Monday, February 25, 2008

Now What?

The title of this post doesn't refer to my job future, but to my blog future. The blog (I hate that word) was established to tell my story about my dismissal from KWNR. With my last post, that mission is essentially accomplished. I gotta tell ya, that last post really drained me. I've spoken with dozens of people about the events of December 3rd, but I'd never typed it out in detail like I did on the last post. To me, it was like taking a kick to the groin with a steel-toed shoe. I was upset, I was winded, I was depressed, and I was angry. I never anticiapted this blog to be cathartic, and if anything, typing out the hows and whys of the day I got dismissed had the opposite effect.

Do I continue to blog about my situation? How about my take on the radio industry? Or, how about just anything and everything- a freewheeling view of my twisted mind roaming the contemporary media landscape (in an election year, no less!)? Option One seems too self-indulgent. Option Two would probably be treated with great indifference. Option Three? Anyone with a thought in their head and a keyboard in their lap sounds off on every conceivable topic, so mine would just be added to a group that can only be improved by subtraction.

I know of a couple of people who read this blog, but I stay in touch with them through e-mail, so they already know where I stand on things. I need to know who's out there. I need to know that this is being read, and that people want more of where I'm coming from. Call the need to be wanted an offshoot of not being wanted. Please post a comment if you want this to continue. I have a lot to say, and a lot of time to say it.

Wednesday, February 20, 2008

December 3rd

I didn't think I'd post anything today but, truth be told, I'm bored. So here we go.

There was an excitement around the station when NB arrived on the scene, as he was saying all the right things. It didn't take very long for me to realize that whatever trust I had put in him was misplaced.

Within a week of NB taking over the job as Program Director, he pulled me aside and told me he was aware that my contract was coming to an end and promised that he would be taking care of that. I took that to mean I was safe. Wrong. He was taking care of it, alright. Anyway, that little meeting gave me some much needed peace of mind. The ratings were decent, and I had no reason to believe that I was going to be shown the door.

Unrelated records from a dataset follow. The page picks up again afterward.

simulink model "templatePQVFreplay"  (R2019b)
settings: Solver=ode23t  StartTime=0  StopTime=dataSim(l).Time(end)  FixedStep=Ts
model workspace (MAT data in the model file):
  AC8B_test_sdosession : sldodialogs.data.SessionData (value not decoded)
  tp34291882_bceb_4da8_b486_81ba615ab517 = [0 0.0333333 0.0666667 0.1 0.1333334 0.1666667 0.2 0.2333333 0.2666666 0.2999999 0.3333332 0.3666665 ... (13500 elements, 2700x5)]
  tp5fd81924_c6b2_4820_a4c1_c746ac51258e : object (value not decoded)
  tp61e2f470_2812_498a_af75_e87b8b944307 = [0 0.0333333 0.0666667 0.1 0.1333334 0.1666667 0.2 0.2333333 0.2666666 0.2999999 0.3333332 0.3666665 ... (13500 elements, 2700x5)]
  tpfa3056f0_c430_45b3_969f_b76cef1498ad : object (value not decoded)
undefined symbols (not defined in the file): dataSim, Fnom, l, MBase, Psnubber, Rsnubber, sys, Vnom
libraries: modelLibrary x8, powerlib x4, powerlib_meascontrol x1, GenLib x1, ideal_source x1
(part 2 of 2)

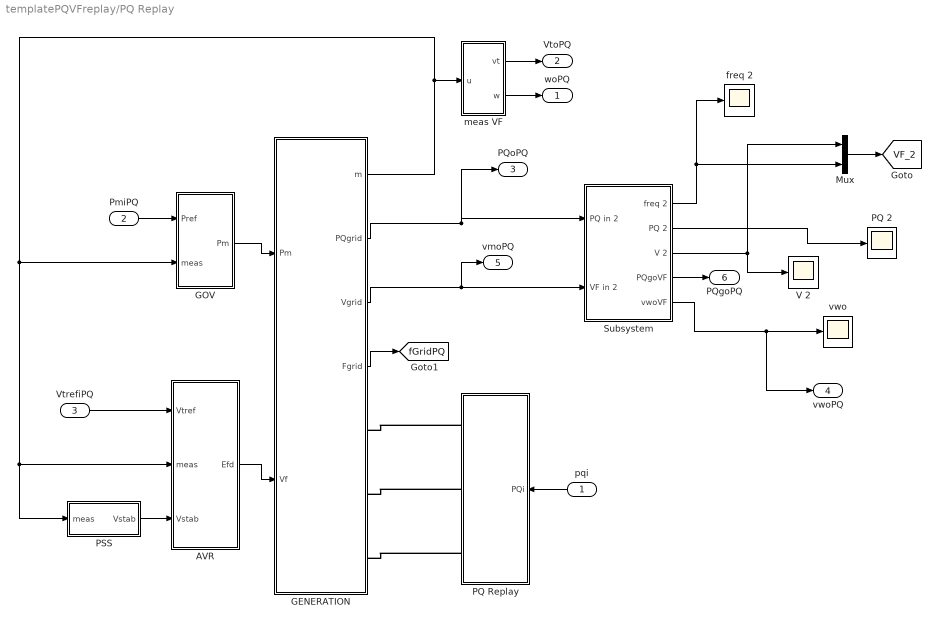
== system templatePQVFreplay/PQ Replay ==
  pqi : Inport  PortDimensions=2
  PmiPQ : Inport  Port=2
  VtrefiPQ : Inport  Port=3
  AVR : Subsystem  BlockChoice=ST4B
      link override ST4B: p=dyn.exst4b_31923_COLUSGT1
      settings: AttributesFormatString=%<BlockChoice>  TemplateBlock=modelLibrary/AVR  MemberBlocks=REXS,ST1A,ST4B
  GENERATION : Subsystem  BlockChoice=GENTPJ_TERMINAL
      link override GENROU_TERMINAL: g=sys.GENERATOR(1)  p=dyn.genrou_31923_COLUSGT1
      link override GENTPJ_TERMINAL: g=sys.GENERATOR(1)  p=dyn.genrou_31923_COLUSGT1
      settings: AttributesFormatString=%<BlockChoice>  TemplateBlock=modelLibrary/GENERATION  MemberBlocks=GENROU_TERMINAL,GENROU_TRANSFORMER,GENSAL_TRANSFORMER,GENTPJ_TERMINAL,GENTPJ_TRANSFORMER
  GOV : Subsystem  BlockChoice=GGOV1
      link override GGOV1: p=dyn.ggov1_31923_COLUSGT1  g=sys.GENERATOR(2)
      settings: AttributesFormatString=%<BlockChoice>  TemplateBlock=modelLibrary/GOV  MemberBlocks=GGOV1,IEEEG3
  Mux : Mux  Inputs=2
  PQ 2 : Scope
  PQ Replay : Subsystem  mask{Vrms=dataSim.Vact(1)*1e3, FreqHz=dataSim.Fact(1)}
      mask prompts: Vrms "Nominal LL Voltage (RMS)"; FreqHz "Frequency (Hz)"
  PSS : Subsystem  BlockChoice=PSS2B
      link override PSS2B: p=dyn.pss2b_31923_COLUSGT1
      link override PSS2B/Bus Selector3: OutputSignals="Mechanical.Rotor speed deviation  dw (pu),Mechanical.Electrical power  Pe (pu)"
      settings: AttributesFormatString=%<BlockChoice>  TemplateBlock=modelLibrary/PSS  MemberBlocks=PSS1A,PSS2A,PSS2B
  Subsystem : Subsystem
  V 2 : Scope
  freq 2 : Scope
  meas VF : Subsystem
  vwo : Scope
  woPQ : Outport
  VtoPQ : Outport  Port=2
  PQoPQ : Outport  Port=3  SampleTime=1/30
  vwoPQ : Outport  Port=4
  vmoPQ : Outport  Port=5
  PQgoPQ : Outport  Port=6  SampleTime=1/30
  tag scope: VF_2=global, fGridPQ=global
  wires:
  GENERATION/3(Vgrid) -> vmoPQ/1, Subsystem/2(VF in 2)
  GENERATION/1(m) -> GOV/2(meas), PSS/1(meas), AVR/2(meas), meas VF/1(u)
  GENERATION/2(PQgrid) -> PQoPQ/1, Subsystem/1(PQ in 2)
  meas VF/1(vt) -> VtoPQ/1
  meas VF/2(w) -> woPQ/1
  Subsystem/1(freq 2) -> Mux/2, freq 2/1
  Subsystem/2(PQ 2) -> PQ 2/1
  Subsystem/4(PQgoVF) -> PQgoPQ/1
  Subsystem/3(V 2) -> V 2/1, Mux/1
  Subsystem/5(vwoVF) -> vwoPQ/1, vwo/1
  PmiPQ/1 -> GOV/1(Pref)
  GOV/1(Pm) -> GENERATION/1(Pm)
  AVR/1(Efd) -> GENERATION/2(Vf)
  VtrefiPQ/1 -> AVR/1(Vtref)
  pqi/1 -> PQ Replay/1(PQi)
  PSS/1(Vstab) -> AVR/3(Vstab)
  Mux/1 -> [VF_2]
  GENERATION/4(Fgrid) -> [fGridPQ]
  connections:
  PQ Replay/RConn1 -- GENERATION/RConn1
  PQ Replay/RConn2 -- GENERATION/RConn2
  PQ Replay/RConn3 -- GENERATION/RConn3

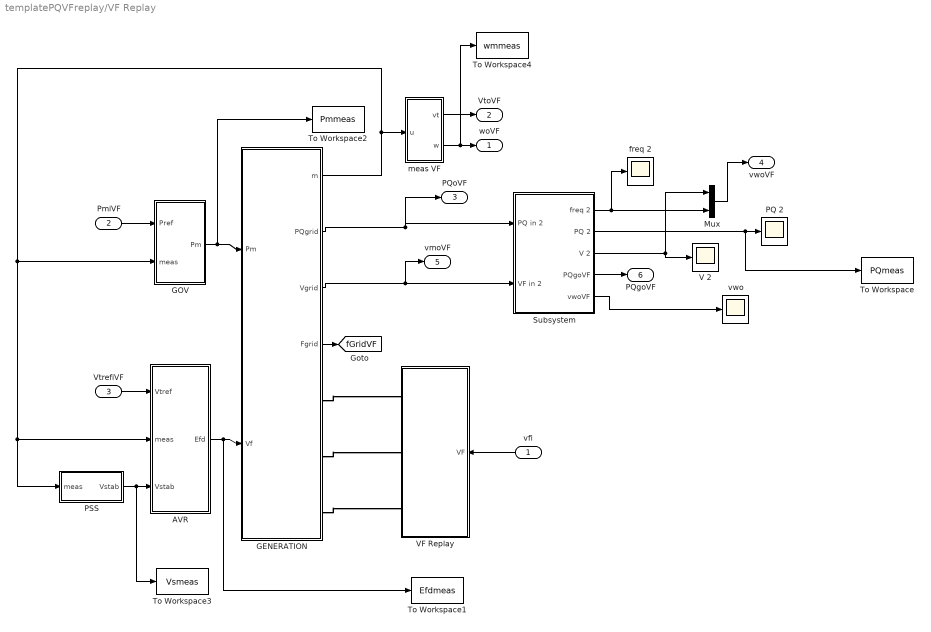
== system templatePQVFreplay/VF Replay ==
  vfi : Inport  PortDimensions=2
  PmiVF : Inport  Port=2
  VtrefiVF : Inport  Port=3
  AVR : Subsystem  BlockChoice=ST4B
      link override ST4B: p=dyn.exst4b_31923_COLUSGT1
      settings: AttributesFormatString=%<BlockChoice>  TemplateBlock=modelLibrary/AVR  MemberBlocks=REXS,ST1A,ST4B
  GENERATION : Subsystem  BlockChoice=GENTPJ_TERMINAL
      link override GENROU_TERMINAL: g=sys.GENERATOR(1)  p=dyn.genrou_31923_COLUSGT1
      link override GENTPJ_TERMINAL: g=sys.GENERATOR(1)  p=dyn.genrou_31923_COLUSGT1
      settings: AttributesFormatString=%<BlockChoice>  TemplateBlock=modelLibrary/GENERATION  MemberBlocks=GENROU_TERMINAL,GENROU_TRANSFORMER,GENSAL_TRANSFORMER,GENTPJ_TERMINAL,GENTPJ_TRANSFORMER
  GOV : Subsystem  BlockChoice=GGOV1
      link override GGOV1: p=dyn.ggov1_31923_COLUSGT1  g=sys.GENERATOR(2)
      settings: AttributesFormatString=%<BlockChoice>  TemplateBlock=modelLibrary/GOV  MemberBlocks=GGOV1,IEEEG3
  Mux : Mux  Inputs=2
  PQ 2 : Scope
  PSS : Subsystem  BlockChoice=PSS2B
      link override PSS2B: p=dyn.pss2b_31923_COLUSGT1
      link override PSS2B/Bus Selector3: OutputSignals="Mechanical.Rotor speed deviation  dw (pu),Mechanical.Electrical power  Pe (pu)"
      settings: AttributesFormatString=%<BlockChoice>  TemplateBlock=modelLibrary/PSS  MemberBlocks=PSS1A,PSS2A,PSS2B
  Subsystem : Subsystem
  To Workspace : ToWorkspace  VariableName=PQmeas  SampleTime=1/60
  To Workspace1 : ToWorkspace  VariableName=Efdmeas  SampleTime=1/60
  To Workspace2 : ToWorkspace  VariableName=Pmmeas  SampleTime=1/60
  To Workspace3 : ToWorkspace  VariableName=Vsmeas  SampleTime=1/60
  To Workspace4 : ToWorkspace  VariableName=wmmeas  SampleTime=1/60
  V 2 : Scope
  VF Replay : Subsystem
  freq 2 : Scope
  meas VF : Subsystem
  vwo : Scope
  woVF : Outport
  VtoVF : Outport  Port=2
  PQoVF : Outport  Port=3  SampleTime=1/30
  vwoVF : Outport  Port=4
  vmoVF : Outport  Port=5
  PQgoVF : Outport  Port=6  SampleTime=1/30
  tag scope: fGridVF=global
  wires:
  GENERATION/3(Vgrid) -> vmoVF/1, Subsystem/2(VF in 2)
  GENERATION/2(PQgrid) -> PQoVF/1, Subsystem/1(PQ in 2)
  meas VF/1(vt) -> VtoVF/1
  Subsystem/1(freq 2) -> freq 2/1, Mux/2
  Subsystem/2(PQ 2) -> To Workspace/1, PQ 2/1
  Subsystem/4(PQgoVF) -> PQgoVF/1
  Subsystem/3(V 2) -> V 2/1, Mux/1
  Subsystem/5(vwoVF) -> vwo/1
  Mux/1 -> vwoVF/1
  PmiVF/1 -> GOV/1(Pref)
  GOV/1(Pm) -> To Workspace2/1, GENERATION/1(Pm)
  PSS/1(Vstab) -> To Workspace3/1, AVR/3(Vstab)
  AVR/1(Efd) -> To Workspace1/1, GENERATION/2(Vf)
  VtrefiVF/1 -> AVR/1(Vtref)
  vfi/1 -> VF Replay/1(VF)
  GENERATION/1(m) -> GOV/2(meas), PSS/1(meas), AVR/2(meas), meas VF/1(u)
  meas VF/2(w) -> To Workspace4/1, woVF/1
  GENERATION/4(Fgrid) -> [fGridVF]
  connections:
  GENERATION/RConn1 -- VF Replay/RConn1
  GENERATION/RConn2 -- VF Replay/RConn2
  GENERATION/RConn3 -- VF Replay/RConn3

== system templatePQVFreplay/view ==
  Gain : Gain  Gain=1/MBase
  Selector2 : Selector  InputPortWidth=4  IndexOptions=Index vector (dialog)  Indices=[2 4]  OutputSizes=1
  Selector3 : Selector  InputPortWidth=4  IndexOptions=Index vector (dialog)  Indices=[1 3]  OutputSizes=1
  P : Outport
  Q : Outport  Port=2
  wires:
  [PQ_2] -> Gain/1
  Gain/1 -> Selector2/1, Selector3/1
  Selector2/1 -> Q/1
  Selector3/1 -> P/1

== system templatePQVFreplay/view1 ==
  Gain : Gain
  Selector2 : Selector  InputPortWidth=4  IndexOptions=Index vector (dialog)  Indices=[3 4]  OutputSizes=1
  Selector3 : Selector  InputPortWidth=4  IndexOptions=Index vector (dialog)  Indices=[1 2]  OutputSizes=1
  V : Outport
  F : Outport  Port=2
  wires:
  [VF_2] -> Gain/1
  Gain/1 -> Selector2/1, Selector3/1
  Selector2/1 -> F/1
  Selector3/1 -> V/1

== system templatePQVFreplay/PQ Replay/AVR ==
  Vtref : Inport
  meas : Inport  Port=2
  Vstab : Inport  Port=3
  ST4B : modelLibrary/ST4B  p=dyn.exst4b_31923_COLUSGT1
  Efd : Outport
  wires:
  Vtref/1 -> ST4B/1
  meas/1 -> ST4B/2
  Vstab/1 -> ST4B/3
  ST4B/1 -> Efd/1

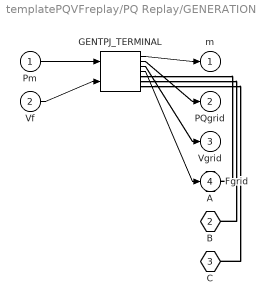
== system templatePQVFreplay/PQ Replay/GENERATION ==
  Pm : Inport
  Vf : Inport  Port=2
  GENTPJ_TERMINAL : modelLibrary/GENTPJ_TERMINAL  g=sys.GENERATOR(1)  p=dyn.genrou_31923_COLUSGT1
  A : PMIOPort  Side=Right
  B : PMIOPort  Port=2  Side=Right
  C : PMIOPort  Port=3  Side=Right
  m : Outport
  PQgrid : Outport  Port=2
  Vgrid : Outport  Port=3
  Fgrid : Outport  Port=4
  wires:
  Pm/1 -> GENTPJ_TERMINAL/1
  Vf/1 -> GENTPJ_TERMINAL/2
  GENTPJ_TERMINAL/1 -> m/1
  GENTPJ_TERMINAL/2 -> PQgrid/1
  GENTPJ_TERMINAL/3 -> Vgrid/1
  GENTPJ_TERMINAL/4 -> Fgrid/1
  connections:
  GENTPJ_TERMINAL/RConn1 -- A/RConn1
  GENTPJ_TERMINAL/RConn2 -- B/RConn1
  GENTPJ_TERMINAL/RConn3 -- C/RConn1

== system templatePQVFreplay/PQ Replay/GOV ==
  Pref : Inport
  meas : Inport  Port=2
  GGOV1 : modelLibrary/GGOV1  p=dyn.ggov1_31923_COLUSGT1  g=sys.GENERATOR(2)
  Pm : Outport
  wires:
  Pref/1 -> GGOV1/1
  meas/1 -> GGOV1/2
  GGOV1/1 -> Pm/1

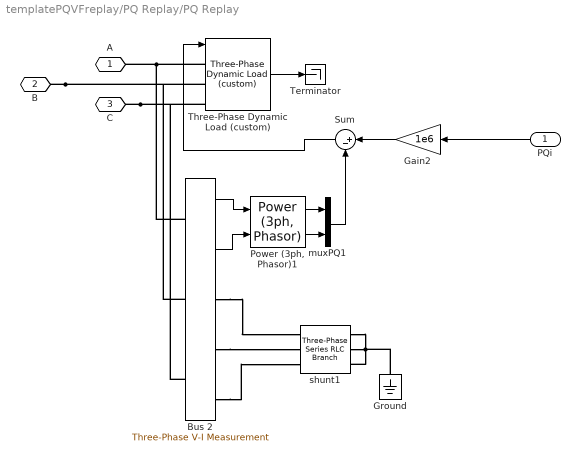
== system templatePQVFreplay/PQ Replay/PQ Replay ==
  PQi : Inport
  Bus 2 : powerlib/Measurements/Three-Phase V-I Measurement  VoltageMeasurement=phase-to-ground  SetLabelV=off  LabelV=Vabc  Vpu=off  VpuLL=off  CurrentMeasurement=yes  SetLabelI=off  LabelI=Iabc  Ipu=off  Pbase=100e6  Vbase=500e3  OutputType=Complex  PhasorSimulation=on  PSBequivalent=0
      settings: SourceProductName=Simscape Electrical
  Gain2 : Gain  Gain=1e6
  Ground : powerlib/Elements/Ground  LConnTagsString=a
      settings: SourceProductName=Simscape Electrical
  "Power (3ph, Phasor)1" : powerlib_meascontrol/Measurements/Power (3ph, Phasor)
      settings: SourceProductName=Simscape Electrical  SourceProductBaseCode=PS
  Sum : Sum  Inputs=|+-
  Terminator : Terminator
  Three-Phase Dynamic Load (custom) : GenLib/Three-Phase Dynamic Load (custom)  NominalVoltage=[ Vrms FreqHz ]  ActiveReactivePowers="[-dataSim.Pact(1)-Psnubber/1e6  -dataSim.Qact(1)]*1e6"  PositiveSequence=[1 0]  ExternalControl=on  NpNq=[1.3 2]  TimeConstants="[0  0  0  0]"  MinimumVoltage=0.7  LoadFlowParameters=[4,0,0,0,0]
  muxPQ1 : Mux  Inputs=2
  shunt1 : powerlib/Elements/Three-Phase Series RLC Branch  LConnTagsString=A|B|C  RConnTagsString=A|B|C  BranchType=R  Resistance=Rsnubber  Inductance=1e-3  Capacitance=1e-6  Measurements=None
      settings: SourceProductName=Simscape Electrical
  A : PMIOPort  Side=Right
  B : PMIOPort  Port=2  Side=Right
  C : PMIOPort  Port=3  Side=Right
  wires:
  Three-Phase Dynamic Load (custom)/1 -> Terminator/1
  Bus 2/2 -> "Power (3ph, Phasor)1"/2
  Bus 2/1 -> "Power (3ph, Phasor)1"/1
  Sum/1 -> Three-Phase Dynamic Load (custom)/1
  "Power (3ph, Phasor)1"/2 -> muxPQ1/2
  Gain2/1 -> Sum/1
  "Power (3ph, Phasor)1"/1 -> muxPQ1/1
  PQi/1 -> Gain2/1
  muxPQ1/1 -> Sum/2
  connections:
  B/RConn1 -- Three-Phase Dynamic Load (custom)/LConn2 -- Bus 2/LConn2
  Bus 2/LConn1 -- Three-Phase Dynamic Load (custom)/LConn1 -- A/RConn1
  C/RConn1 -- Three-Phase Dynamic Load (custom)/LConn3 -- Bus 2/LConn3
  Bus 2/RConn1 -- shunt1/LConn1
  Bus 2/RConn2 -- shunt1/LConn2
  Bus 2/RConn3 -- shunt1/LConn3
  shunt1/RConn1 -- shunt1/RConn2 -- Ground/LConn1 -- shunt1/RConn3

== system templatePQVFreplay/PQ Replay/PSS ==
  meas : Inport
  PSS2B : modelLibrary/PSS2B  p=dyn.pss2b_31923_COLUSGT1
  Vstab : Outport
  wires:
  meas/1 -> PSS2B/1
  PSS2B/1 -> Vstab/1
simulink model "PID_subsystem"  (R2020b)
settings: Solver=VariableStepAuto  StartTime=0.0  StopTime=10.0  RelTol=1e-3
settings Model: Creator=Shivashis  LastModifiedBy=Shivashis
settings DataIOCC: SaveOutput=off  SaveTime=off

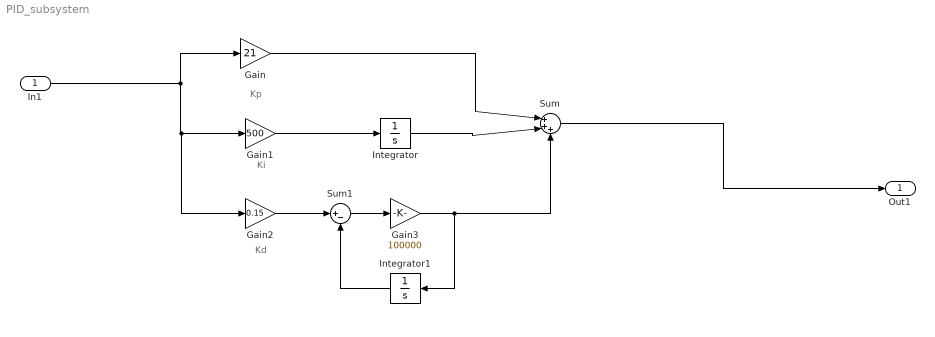
== system PID_subsystem ==
  note: Kd
  note: Ki
  note: Kp
  In1 : Inport  OutDataTypeStr=double  PortDimensions=1  SampleTime=0
  Gain : Gain  Gain=21
  Gain1 : Gain  Gain=500
  Gain2 : Gain  Gain=0.15
  Gain3 : Gain  Gain=100000
  Integrator : Integrator
  Integrator1 : Integrator
  Sum : Sum  Inputs=|+++
  Sum1 : Sum  Inputs=|+-
  Out1 : Outport  OutDataTypeStr=double  PortDimensions=1  SampleTime=0
  wires:
  Integrator/1 -> Sum/2
  In1/1 -> Gain2/1, Gain1/1, Gain/1
  Integrator1/1 -> Sum1/2
  Gain/1 -> Sum/1
  Sum1/1 -> Gain3/1
  Sum/1 -> Out1/1
  Gain1/1 -> Integrator/1
  Gain3/1 -> Sum/3, Integrator1/1
  Gain2/1 -> Sum1/1

At the "cards on the table" meeting, NB told me that the senior vp (from previous posts: the one who didn't like me "but couldn't remember why") wanted to do away with news on the show. NB told me not to worry, that news would continue to be done. It only ate up five minutes an hour, and NB thought it was an important feature in the show. You're constantly told that the best radio is "live and local". Nothing's more live and local than news, right?

The following week, NB told me that news would be going away after the first of the year.

My feeling is this: Senior VP leaned on NB and told him in no uncertain terms to get rid of news. NB was moving here from 1,000 miles away, and was having trouble selling his house. He was in no position to show backbone, and rolled over. Maybe I'm wrong, but it makes sense to me. It also made me realize that I now trusted nothing that came out of NB's mouth. Everything was pointing to more of Mark, more of natalie, and less of me.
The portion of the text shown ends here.